◆ TASK TO CARRY OUT: Below are lines of data, and only some are wanted. Please repeat exactly those from the line that has "normal blind 9.652" through the line that has "line L4 (33.401, 38.1) -> (33.401, -38.1)".

*** Opening of THE INPUT ***

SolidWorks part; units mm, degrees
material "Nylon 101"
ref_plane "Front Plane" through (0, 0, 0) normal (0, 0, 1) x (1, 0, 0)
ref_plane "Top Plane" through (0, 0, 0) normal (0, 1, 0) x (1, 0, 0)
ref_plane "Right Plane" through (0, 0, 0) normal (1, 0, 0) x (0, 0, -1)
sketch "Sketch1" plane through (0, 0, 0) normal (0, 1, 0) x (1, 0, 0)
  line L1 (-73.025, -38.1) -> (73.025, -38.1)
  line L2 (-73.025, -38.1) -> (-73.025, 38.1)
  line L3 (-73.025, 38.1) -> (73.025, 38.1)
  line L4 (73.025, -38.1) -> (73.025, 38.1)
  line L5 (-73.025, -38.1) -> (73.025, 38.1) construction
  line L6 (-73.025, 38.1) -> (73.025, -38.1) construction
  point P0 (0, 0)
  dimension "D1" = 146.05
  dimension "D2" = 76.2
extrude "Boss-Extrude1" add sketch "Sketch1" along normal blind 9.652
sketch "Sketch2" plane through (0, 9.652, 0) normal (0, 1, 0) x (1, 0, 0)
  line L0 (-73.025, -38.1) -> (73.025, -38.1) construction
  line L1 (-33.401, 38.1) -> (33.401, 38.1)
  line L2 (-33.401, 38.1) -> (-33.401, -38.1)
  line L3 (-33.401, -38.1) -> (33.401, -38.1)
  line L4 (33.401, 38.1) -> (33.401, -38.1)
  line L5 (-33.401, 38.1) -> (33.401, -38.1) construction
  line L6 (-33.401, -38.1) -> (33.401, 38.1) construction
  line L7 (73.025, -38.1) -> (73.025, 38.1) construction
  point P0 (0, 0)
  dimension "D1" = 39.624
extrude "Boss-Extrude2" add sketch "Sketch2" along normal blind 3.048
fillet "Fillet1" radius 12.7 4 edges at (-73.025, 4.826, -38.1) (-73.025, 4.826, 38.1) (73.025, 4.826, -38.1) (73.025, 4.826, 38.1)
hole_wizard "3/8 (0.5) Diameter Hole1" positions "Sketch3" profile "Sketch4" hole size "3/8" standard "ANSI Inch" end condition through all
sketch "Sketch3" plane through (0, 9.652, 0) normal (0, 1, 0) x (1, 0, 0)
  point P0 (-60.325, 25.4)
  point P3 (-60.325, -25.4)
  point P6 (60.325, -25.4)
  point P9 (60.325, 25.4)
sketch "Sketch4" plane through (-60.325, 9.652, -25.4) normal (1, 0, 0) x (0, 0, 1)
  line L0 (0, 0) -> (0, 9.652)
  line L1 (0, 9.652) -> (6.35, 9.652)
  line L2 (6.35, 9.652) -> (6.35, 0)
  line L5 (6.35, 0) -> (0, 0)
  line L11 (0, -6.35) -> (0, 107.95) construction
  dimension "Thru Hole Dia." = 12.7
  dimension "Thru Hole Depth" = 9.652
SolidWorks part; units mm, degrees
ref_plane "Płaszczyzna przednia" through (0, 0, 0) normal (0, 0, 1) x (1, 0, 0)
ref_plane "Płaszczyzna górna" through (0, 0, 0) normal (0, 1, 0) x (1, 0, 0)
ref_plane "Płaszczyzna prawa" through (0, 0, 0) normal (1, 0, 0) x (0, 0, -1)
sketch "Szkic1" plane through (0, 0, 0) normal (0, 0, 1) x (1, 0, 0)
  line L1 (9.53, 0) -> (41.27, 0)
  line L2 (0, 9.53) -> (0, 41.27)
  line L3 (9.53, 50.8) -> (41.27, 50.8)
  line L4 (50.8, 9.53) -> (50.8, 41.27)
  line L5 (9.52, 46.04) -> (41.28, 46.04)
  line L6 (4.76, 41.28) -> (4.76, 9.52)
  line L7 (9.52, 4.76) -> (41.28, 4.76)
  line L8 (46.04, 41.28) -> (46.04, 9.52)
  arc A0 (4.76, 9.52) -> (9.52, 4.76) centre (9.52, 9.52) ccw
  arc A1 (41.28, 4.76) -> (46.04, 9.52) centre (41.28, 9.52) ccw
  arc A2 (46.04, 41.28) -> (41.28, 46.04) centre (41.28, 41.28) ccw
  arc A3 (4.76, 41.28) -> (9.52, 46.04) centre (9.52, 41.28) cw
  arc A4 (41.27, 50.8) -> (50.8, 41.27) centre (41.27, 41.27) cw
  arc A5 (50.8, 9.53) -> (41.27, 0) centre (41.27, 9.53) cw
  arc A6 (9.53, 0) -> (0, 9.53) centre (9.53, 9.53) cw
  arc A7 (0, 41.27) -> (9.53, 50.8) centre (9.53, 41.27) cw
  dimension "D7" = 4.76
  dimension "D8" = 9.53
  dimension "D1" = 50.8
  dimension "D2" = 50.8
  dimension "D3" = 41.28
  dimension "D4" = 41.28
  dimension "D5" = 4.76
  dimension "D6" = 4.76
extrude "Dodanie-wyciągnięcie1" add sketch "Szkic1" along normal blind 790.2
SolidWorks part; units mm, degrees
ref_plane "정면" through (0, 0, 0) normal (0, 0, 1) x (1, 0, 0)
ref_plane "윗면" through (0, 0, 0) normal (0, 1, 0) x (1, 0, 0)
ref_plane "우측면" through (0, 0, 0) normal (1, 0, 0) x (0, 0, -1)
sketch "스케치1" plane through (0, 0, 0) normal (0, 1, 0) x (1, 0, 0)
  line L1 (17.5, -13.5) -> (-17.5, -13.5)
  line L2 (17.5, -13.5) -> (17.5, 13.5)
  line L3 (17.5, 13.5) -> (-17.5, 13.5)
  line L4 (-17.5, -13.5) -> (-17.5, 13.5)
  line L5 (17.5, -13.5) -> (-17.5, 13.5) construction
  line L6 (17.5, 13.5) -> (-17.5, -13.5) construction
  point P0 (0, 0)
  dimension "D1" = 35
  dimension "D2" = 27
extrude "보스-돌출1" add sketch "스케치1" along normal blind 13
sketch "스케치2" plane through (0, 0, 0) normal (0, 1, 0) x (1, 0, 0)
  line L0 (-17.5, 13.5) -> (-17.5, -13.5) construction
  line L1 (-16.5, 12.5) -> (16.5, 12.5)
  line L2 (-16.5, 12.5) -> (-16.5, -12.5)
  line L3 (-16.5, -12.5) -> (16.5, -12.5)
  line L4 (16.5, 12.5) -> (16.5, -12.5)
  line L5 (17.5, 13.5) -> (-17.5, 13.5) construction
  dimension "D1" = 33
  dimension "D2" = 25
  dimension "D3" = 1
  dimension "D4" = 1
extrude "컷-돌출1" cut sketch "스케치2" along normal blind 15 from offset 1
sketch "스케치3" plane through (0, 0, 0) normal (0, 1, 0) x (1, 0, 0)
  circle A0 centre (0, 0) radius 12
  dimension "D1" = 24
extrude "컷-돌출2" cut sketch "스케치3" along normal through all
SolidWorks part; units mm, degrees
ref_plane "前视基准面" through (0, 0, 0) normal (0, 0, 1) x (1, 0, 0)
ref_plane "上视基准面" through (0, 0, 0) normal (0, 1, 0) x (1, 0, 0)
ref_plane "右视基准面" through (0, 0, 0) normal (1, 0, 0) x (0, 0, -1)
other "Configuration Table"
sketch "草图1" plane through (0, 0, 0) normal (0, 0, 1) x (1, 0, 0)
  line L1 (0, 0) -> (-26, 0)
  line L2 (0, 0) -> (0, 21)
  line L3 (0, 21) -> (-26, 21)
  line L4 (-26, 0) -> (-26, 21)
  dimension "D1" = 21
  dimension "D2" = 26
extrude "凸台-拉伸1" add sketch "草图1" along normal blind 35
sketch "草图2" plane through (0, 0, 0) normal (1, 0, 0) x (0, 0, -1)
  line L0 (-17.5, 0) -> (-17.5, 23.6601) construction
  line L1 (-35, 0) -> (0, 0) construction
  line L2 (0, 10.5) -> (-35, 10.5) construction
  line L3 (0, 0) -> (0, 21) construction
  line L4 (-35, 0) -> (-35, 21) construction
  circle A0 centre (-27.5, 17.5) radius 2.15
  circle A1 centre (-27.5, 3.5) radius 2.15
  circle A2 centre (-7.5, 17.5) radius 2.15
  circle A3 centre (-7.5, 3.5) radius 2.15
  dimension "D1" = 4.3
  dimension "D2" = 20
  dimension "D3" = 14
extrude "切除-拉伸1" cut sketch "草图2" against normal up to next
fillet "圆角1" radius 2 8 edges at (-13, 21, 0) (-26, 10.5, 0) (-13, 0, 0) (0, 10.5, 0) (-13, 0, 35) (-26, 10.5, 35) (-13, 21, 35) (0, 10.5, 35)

*** Close of THE INPUT ***

◆ ANSWER TO THIS EXERCISE:
extrude "Boss-Extrude1" add sketch "Sketch1" along normal blind 9.652
sketch "Sketch2" plane through (0, 9.652, 0) normal (0, 1, 0) x (1, 0, 0)
  line L0 (-73.025, -38.1) -> (73.025, -38.1) construction
  line L1 (-33.401, 38.1) -> (33.401, 38.1)
  line L2 (-33.401, 38.1) -> (-33.401, -38.1)
  line L3 (-33.401, -38.1) -> (33.401, -38.1)
  line L4 (33.401, 38.1) -> (33.401, -38.1)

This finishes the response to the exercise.